▶ **EXERCISE AIM**: Look below for the line that has "#93=CARTESIAN_POINT('',(-14.25,5.25,24.));". Set down the lines from there through the line that has "#143=FACE_BOUND('',#142,.T.);", exactly as written.

▶ **EXERCISE DATA**:

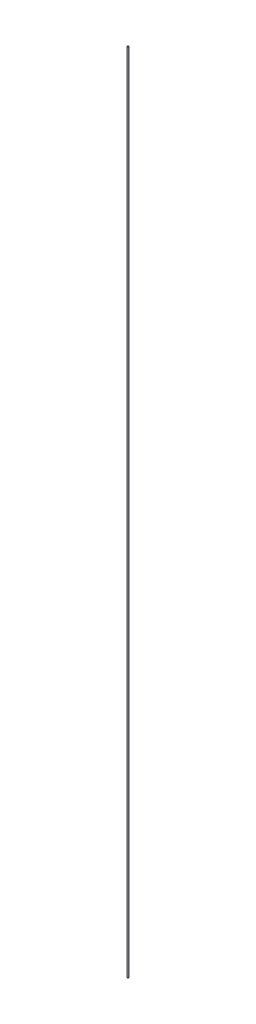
from build123d import *

# Parameters (mm, degrees)
ESQUISSE1_R      = 1.5
EXTRUSION1_DEPTH = 1880


with BuildPart() as part:
    # Esquisse1 → Extrusion1 (new body)
    with BuildSketch(Plane(origin=(0, 0, 0), x_dir=(1, 0, 0), z_dir=(0, 1, 0))):
        with Locations(Location((0, 0, 0), (0, 0, 90))):
            Circle(ESQUISSE1_R)
    extrude(amount=EXTRUSION1_DEPTH)


solid = part.part
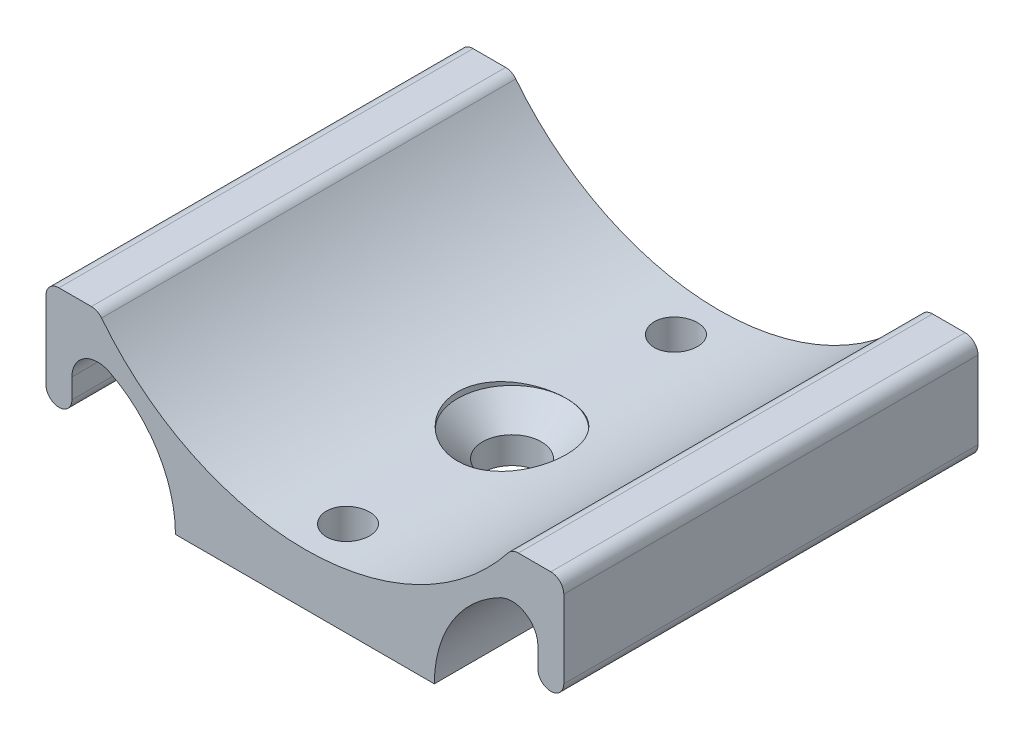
ISO-10303-21;
HEADER;
FILE_DESCRIPTION(('STEP AP214'),'2;1');
FILE_NAME('part.step','',(''),(''),'','','');
FILE_SCHEMA(('AUTOMOTIVE_DESIGN { 1 0 10303 214 1 1 1 1 }'));
ENDSEC;
DATA;
#1=APPLICATION_CONTEXT('core data for automotive mechanical design processes');
#2=APPLICATION_PROTOCOL_DEFINITION('international standard','automotive_design',2000,#1);
#3=PRODUCT_CONTEXT('',#1,'mechanical');
#4=PRODUCT('Part','Part','',(#3));
#5=PRODUCT_RELATED_PRODUCT_CATEGORY('part','',(#4));
#6=PRODUCT_DEFINITION_FORMATION('','',#4);
#7=PRODUCT_DEFINITION_CONTEXT('part definition',#1,'design');
#8=PRODUCT_DEFINITION('design','',#6,#7);
#9=PRODUCT_DEFINITION_SHAPE('','',#8);
#10=(LENGTH_UNIT() NAMED_UNIT(*) SI_UNIT(.MILLI.,.METRE.));
#11=(NAMED_UNIT(*) PLANE_ANGLE_UNIT() SI_UNIT($,.RADIAN.));
#12=(NAMED_UNIT(*) SI_UNIT($,.STERADIAN.) SOLID_ANGLE_UNIT());
#13=UNCERTAINTY_MEASURE_WITH_UNIT(LENGTH_MEASURE(1.E-05),#10,'distance_accuracy_value','');
#14=(GEOMETRIC_REPRESENTATION_CONTEXT(3) GLOBAL_UNCERTAINTY_ASSIGNED_CONTEXT((#13)) GLOBAL_UNIT_ASSIGNED_CONTEXT((#10,
#11,#12)) REPRESENTATION_CONTEXT('',''));
#15=CARTESIAN_POINT('',(0.,0.,0.));
#16=DIRECTION('',(0.,0.,1.));
#17=DIRECTION('',(1.,0.,0.));
#18=AXIS2_PLACEMENT_3D('',#15,#16,#17);
#19=CARTESIAN_POINT('',(14.25,0.75,24.));
#20=DIRECTION('',(0.,0.,-1.));
#21=DIRECTION('',(-1.,0.,0.));
#22=AXIS2_PLACEMENT_3D('',#19,#20,#21);
#23=CYLINDRICAL_SURFACE('',#22,0.750000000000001);
#24=CARTESIAN_POINT('',(14.25,0.75,24.));
#25=DIRECTION('',(0.,0.,-1.));
#26=DIRECTION('',(-1.,0.,0.));
#27=AXIS2_PLACEMENT_3D('',#24,#25,#26);
#28=CIRCLE('',#27,0.750000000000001);
#29=CARTESIAN_POINT('',(13.5,0.75,24.));
#30=VERTEX_POINT('',#29);
#31=CARTESIAN_POINT('',(15.,0.75,24.));
#32=VERTEX_POINT('',#31);
#33=EDGE_CURVE('E401',#30,#32,#28,.F.);
#34=ORIENTED_EDGE('',*,*,#33,.F.);
#35=DIRECTION('',(0.,0.,1.));
#36=VECTOR('',#35,1.);
#37=CARTESIAN_POINT('',(13.5,0.75,12.));
#38=LINE('',#37,#36);
#39=CARTESIAN_POINT('',(13.5,0.75,0.));
#40=VERTEX_POINT('',#39);
#41=EDGE_CURVE('E180',#40,#30,#38,.T.);
#42=ORIENTED_EDGE('',*,*,#41,.F.);
#43=CARTESIAN_POINT('',(14.25,0.75,0.));
#44=DIRECTION('',(0.,0.,-1.));
#45=DIRECTION('',(-1.,0.,0.));
#46=AXIS2_PLACEMENT_3D('',#43,#44,#45);
#47=CIRCLE('',#46,0.750000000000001);
#48=CARTESIAN_POINT('',(15.,0.75,0.));
#49=VERTEX_POINT('',#48);
#50=EDGE_CURVE('E20',#49,#40,#47,.T.);
#51=ORIENTED_EDGE('',*,*,#50,.F.);
#52=DIRECTION('',(0.,0.,-1.));
#53=VECTOR('',#52,1.);
#54=CARTESIAN_POINT('',(15.,0.75,12.));
#55=LINE('',#54,#53);
#56=EDGE_CURVE('E388',#32,#49,#55,.T.);
#57=ORIENTED_EDGE('',*,*,#56,.F.);
#58=EDGE_LOOP('',(#34,#42,#51,#57));
#59=FACE_BOUND('',#58,.T.);
#60=ADVANCED_FACE('F16',(#59),#23,.T.);
#61=CARTESIAN_POINT('',(-14.25,5.25,0.));
#62=DIRECTION('',(0.,0.,1.));
#63=DIRECTION('',(1.,0.,0.));
#64=AXIS2_PLACEMENT_3D('',#61,#62,#63);
#65=CYLINDRICAL_SURFACE('',#64,0.750000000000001);
#66=DIRECTION('',(0.,0.,1.));
#67=VECTOR('',#66,1.);
#68=CARTESIAN_POINT('',(-14.25,6.,12.));
#69=LINE('',#68,#67);
#70=CARTESIAN_POINT('',(-14.25,6.,0.));
#71=VERTEX_POINT('',#70);
#72=CARTESIAN_POINT('',(-14.25,6.,24.));
#73=VERTEX_POINT('',#72);
#74=EDGE_CURVE('E377',#71,#73,#69,.T.);
#75=ORIENTED_EDGE('',*,*,#74,.F.);
#76=CARTESIAN_POINT('',(-14.25,5.25,0.));
#77=DIRECTION('',(0.,0.,1.));
#78=DIRECTION('',(1.,0.,0.));
#79=AXIS2_PLACEMENT_3D('',#76,#77,#78);
#80=CIRCLE('',#79,0.750000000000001);
#81=CARTESIAN_POINT('',(-15.,5.25,0.));
#82=VERTEX_POINT('',#81);
#83=EDGE_CURVE('E403',#82,#71,#80,.F.);
#84=ORIENTED_EDGE('',*,*,#83,.F.);
#85=DIRECTION('',(0.,0.,1.));
#86=VECTOR('',#85,1.);
#87=CARTESIAN_POINT('',(-15.,5.25,12.));
#88=LINE('',#87,#86);
#89=CARTESIAN_POINT('',(-15.,5.25,24.));
#90=VERTEX_POINT('',#89);
#91=EDGE_CURVE('E374',#82,#90,#88,.T.);
#92=ORIENTED_EDGE('',*,*,#91,.T.);
#93=CARTESIAN_POINT('',(-14.25,5.25,24.));
#94=DIRECTION('',(0.,0.,1.));
#95=DIRECTION('',(1.,0.,0.));
#96=AXIS2_PLACEMENT_3D('',#93,#94,#95);
#97=CIRCLE('',#96,0.750000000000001);
#98=EDGE_CURVE('E160',#73,#90,#97,.T.);
#99=ORIENTED_EDGE('',*,*,#98,.F.);
#100=EDGE_LOOP('',(#75,#84,#92,#99));
#101=FACE_BOUND('',#100,.T.);
#102=ADVANCED_FACE('F268',(#101),#65,.T.);
#103=CARTESIAN_POINT('',(-14.25,0.75,24.));
#104=DIRECTION('',(0.,0.,-1.));
#105=DIRECTION('',(-1.,0.,0.));
#106=AXIS2_PLACEMENT_3D('',#103,#104,#105);
#107=CYLINDRICAL_SURFACE('',#106,0.749999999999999);
#108=CARTESIAN_POINT('',(-14.25,0.75,24.));
#109=DIRECTION('',(0.,0.,-1.));
#110=DIRECTION('',(-1.,0.,0.));
#111=AXIS2_PLACEMENT_3D('',#108,#109,#110);
#112=CIRCLE('',#111,0.749999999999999);
#113=CARTESIAN_POINT('',(-15.,0.75,24.));
#114=VERTEX_POINT('',#113);
#115=CARTESIAN_POINT('',(-13.5,0.75,24.));
#116=VERTEX_POINT('',#115);
#117=EDGE_CURVE('E144',#114,#116,#112,.F.);
#118=ORIENTED_EDGE('',*,*,#117,.F.);
#119=DIRECTION('',(0.,0.,-1.));
#120=VECTOR('',#119,1.);
#121=CARTESIAN_POINT('',(-15.,0.75,12.));
#122=LINE('',#121,#120);
#123=CARTESIAN_POINT('',(-15.,0.75,0.));
#124=VERTEX_POINT('',#123);
#125=EDGE_CURVE('E155',#114,#124,#122,.T.);
#126=ORIENTED_EDGE('',*,*,#125,.T.);
#127=CARTESIAN_POINT('',(-14.25,0.75,0.));
#128=DIRECTION('',(0.,0.,-1.));
#129=DIRECTION('',(-1.,0.,0.));
#130=AXIS2_PLACEMENT_3D('',#127,#128,#129);
#131=CIRCLE('',#130,0.749999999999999);
#132=CARTESIAN_POINT('',(-13.5,0.75,0.));
#133=VERTEX_POINT('',#132);
#134=EDGE_CURVE('E150',#133,#124,#131,.T.);
#135=ORIENTED_EDGE('',*,*,#134,.F.);
#136=DIRECTION('',(0.,0.,1.));
#137=VECTOR('',#136,1.);
#138=CARTESIAN_POINT('',(-13.5,0.75,12.));
#139=LINE('',#138,#137);
#140=EDGE_CURVE('E153',#133,#116,#139,.T.);
#141=ORIENTED_EDGE('',*,*,#140,.T.);
#142=EDGE_LOOP('',(#118,#126,#135,#141));
#143=FACE_BOUND('',#142,.T.);
#144=ADVANCED_FACE('F152',(#143),#107,.T.);
#145=CARTESIAN_POINT('',(-13.5,0.75,0.));
#146=DIRECTION('',(-1.,0.,0.));
#147=DIRECTION('',(0.,0.,1.));
#148=AXIS2_PLACEMENT_3D('',#145,#146,#147);
#149=PLANE('',#148);
#150=DIRECTION('',(0.,0.,1.));
#151=VECTOR('',#150,1.);
#152=CARTESIAN_POINT('',(-13.5,1.898979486,12.));
#153=LINE('',#152,#151);
#154=CARTESIAN_POINT('',(-13.5,1.898979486,24.));
#155=VERTEX_POINT('',#154);
#156=CARTESIAN_POINT('',(-13.5,1.898979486,0.));
#157=VERTEX_POINT('',#156);
#158=EDGE_CURVE('E369',#155,#157,#153,.F.);
#159=ORIENTED_EDGE('',*,*,#158,.F.);
#160=DIRECTION('',(0.,1.,0.));
#161=VECTOR('',#160,1.);
#162=CARTESIAN_POINT('',(-13.5,1.324489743,24.));
#163=LINE('',#162,#161);
#164=EDGE_CURVE('E167',#116,#155,#163,.T.);
#165=ORIENTED_EDGE('',*,*,#164,.F.);
#166=ORIENTED_EDGE('',*,*,#140,.F.);
#167=DIRECTION('',(0.,-1.,0.));
#168=VECTOR('',#167,1.);
#169=CARTESIAN_POINT('',(-13.5,1.324489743,0.));
#170=LINE('',#169,#168);
#171=EDGE_CURVE('E165',#157,#133,#170,.T.);
#172=ORIENTED_EDGE('',*,*,#171,.F.);
#173=EDGE_LOOP('',(#159,#165,#166,#172));
#174=FACE_BOUND('',#173,.T.);
#175=ADVANCED_FACE('F164',(#174),#149,.F.);
#176=CARTESIAN_POINT('',(13.5,0.75,0.));
#177=DIRECTION('',(-1.,0.,0.));
#178=DIRECTION('',(0.,0.,1.));
#179=AXIS2_PLACEMENT_3D('',#176,#177,#178);
#180=PLANE('',#179);
#181=DIRECTION('',(0.,-1.,0.));
#182=VECTOR('',#181,1.);
#183=CARTESIAN_POINT('',(13.5,1.324489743,0.));
#184=LINE('',#183,#182);
#185=CARTESIAN_POINT('',(13.5,1.89897948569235,0.));
#186=VERTEX_POINT('',#185);
#187=EDGE_CURVE('E176',#186,#40,#184,.T.);
#188=ORIENTED_EDGE('',*,*,#187,.T.);
#189=ORIENTED_EDGE('',*,*,#41,.T.);
#190=DIRECTION('',(0.,1.,0.));
#191=VECTOR('',#190,1.);
#192=CARTESIAN_POINT('',(13.5,1.324489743,24.));
#193=LINE('',#192,#191);
#194=CARTESIAN_POINT('',(13.5,1.89897948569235,24.));
#195=VERTEX_POINT('',#194);
#196=EDGE_CURVE('E174',#30,#195,#193,.T.);
#197=ORIENTED_EDGE('',*,*,#196,.T.);
#198=DIRECTION('',(0.,0.,-1.));
#199=VECTOR('',#198,1.);
#200=CARTESIAN_POINT('',(13.5,1.89897948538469,12.));
#201=LINE('',#200,#199);
#202=EDGE_CURVE('E365',#186,#195,#201,.F.);
#203=ORIENTED_EDGE('',*,*,#202,.F.);
#204=EDGE_LOOP('',(#188,#189,#197,#203));
#205=FACE_BOUND('',#204,.T.);
#206=ADVANCED_FACE('F264',(#205),#180,.T.);
#207=CARTESIAN_POINT('',(14.25,5.25,24.));
#208=DIRECTION('',(0.,0.,-1.));
#209=DIRECTION('',(-1.,0.,0.));
#210=AXIS2_PLACEMENT_3D('',#207,#208,#209);
#211=CYLINDRICAL_SURFACE('',#210,0.750000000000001);
#212=DIRECTION('',(0.,0.,1.));
#213=VECTOR('',#212,1.);
#214=CARTESIAN_POINT('',(15.,5.25,12.));
#215=LINE('',#214,#213);
#216=CARTESIAN_POINT('',(15.,5.25,0.));
#217=VERTEX_POINT('',#216);
#218=CARTESIAN_POINT('',(15.,5.25,24.));
#219=VERTEX_POINT('',#218);
#220=EDGE_CURVE('E381',#217,#219,#215,.T.);
#221=ORIENTED_EDGE('',*,*,#220,.F.);
#222=CARTESIAN_POINT('',(14.25,5.25,0.));
#223=DIRECTION('',(0.,0.,-1.));
#224=DIRECTION('',(-1.,0.,0.));
#225=AXIS2_PLACEMENT_3D('',#222,#223,#224);
#226=CIRCLE('',#225,0.750000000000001);
#227=CARTESIAN_POINT('',(14.25,6.,0.));
#228=VERTEX_POINT('',#227);
#229=EDGE_CURVE('E182',#228,#217,#226,.T.);
#230=ORIENTED_EDGE('',*,*,#229,.F.);
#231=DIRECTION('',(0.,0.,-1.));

▶ **SOLUTION**:
#93=CARTESIAN_POINT('',(-14.25,5.25,24.));
#94=DIRECTION('',(0.,0.,1.));
#95=DIRECTION('',(1.,0.,0.));
#96=AXIS2_PLACEMENT_3D('',#93,#94,#95);
#97=CIRCLE('',#96,0.750000000000001);
#98=EDGE_CURVE('E160',#73,#90,#97,.T.);
#99=ORIENTED_EDGE('',*,*,#98,.F.);
#100=EDGE_LOOP('',(#75,#84,#92,#99));
#101=FACE_BOUND('',#100,.T.);
#102=ADVANCED_FACE('F268',(#101),#65,.T.);
#103=CARTESIAN_POINT('',(-14.25,0.75,24.));
#104=DIRECTION('',(0.,0.,-1.));
#105=DIRECTION('',(-1.,0.,0.));
#106=AXIS2_PLACEMENT_3D('',#103,#104,#105);
#107=CYLINDRICAL_SURFACE('',#106,0.749999999999999);
#108=CARTESIAN_POINT('',(-14.25,0.75,24.));
#109=DIRECTION('',(0.,0.,-1.));
#110=DIRECTION('',(-1.,0.,0.));
#111=AXIS2_PLACEMENT_3D('',#108,#109,#110);
#112=CIRCLE('',#111,0.749999999999999);
#113=CARTESIAN_POINT('',(-15.,0.75,24.));
#114=VERTEX_POINT('',#113);
#115=CARTESIAN_POINT('',(-13.5,0.75,24.));
#116=VERTEX_POINT('',#115);
#117=EDGE_CURVE('E144',#114,#116,#112,.F.);
#118=ORIENTED_EDGE('',*,*,#117,.F.);
#119=DIRECTION('',(0.,0.,-1.));
#120=VECTOR('',#119,1.);
#121=CARTESIAN_POINT('',(-15.,0.75,12.));
#122=LINE('',#121,#120);
#123=CARTESIAN_POINT('',(-15.,0.75,0.));
#124=VERTEX_POINT('',#123);
#125=EDGE_CURVE('E155',#114,#124,#122,.T.);
#126=ORIENTED_EDGE('',*,*,#125,.T.);
#127=CARTESIAN_POINT('',(-14.25,0.75,0.));
#128=DIRECTION('',(0.,0.,-1.));
#129=DIRECTION('',(-1.,0.,0.));
#130=AXIS2_PLACEMENT_3D('',#127,#128,#129);
#131=CIRCLE('',#130,0.749999999999999);
#132=CARTESIAN_POINT('',(-13.5,0.75,0.));
#133=VERTEX_POINT('',#132);
#134=EDGE_CURVE('E150',#133,#124,#131,.T.);
#135=ORIENTED_EDGE('',*,*,#134,.F.);
#136=DIRECTION('',(0.,0.,1.));
#137=VECTOR('',#136,1.);
#138=CARTESIAN_POINT('',(-13.5,0.75,12.));
#139=LINE('',#138,#137);
#140=EDGE_CURVE('E153',#133,#116,#139,.T.);
#141=ORIENTED_EDGE('',*,*,#140,.T.);
#142=EDGE_LOOP('',(#118,#126,#135,#141));
#143=FACE_BOUND('',#142,.T.);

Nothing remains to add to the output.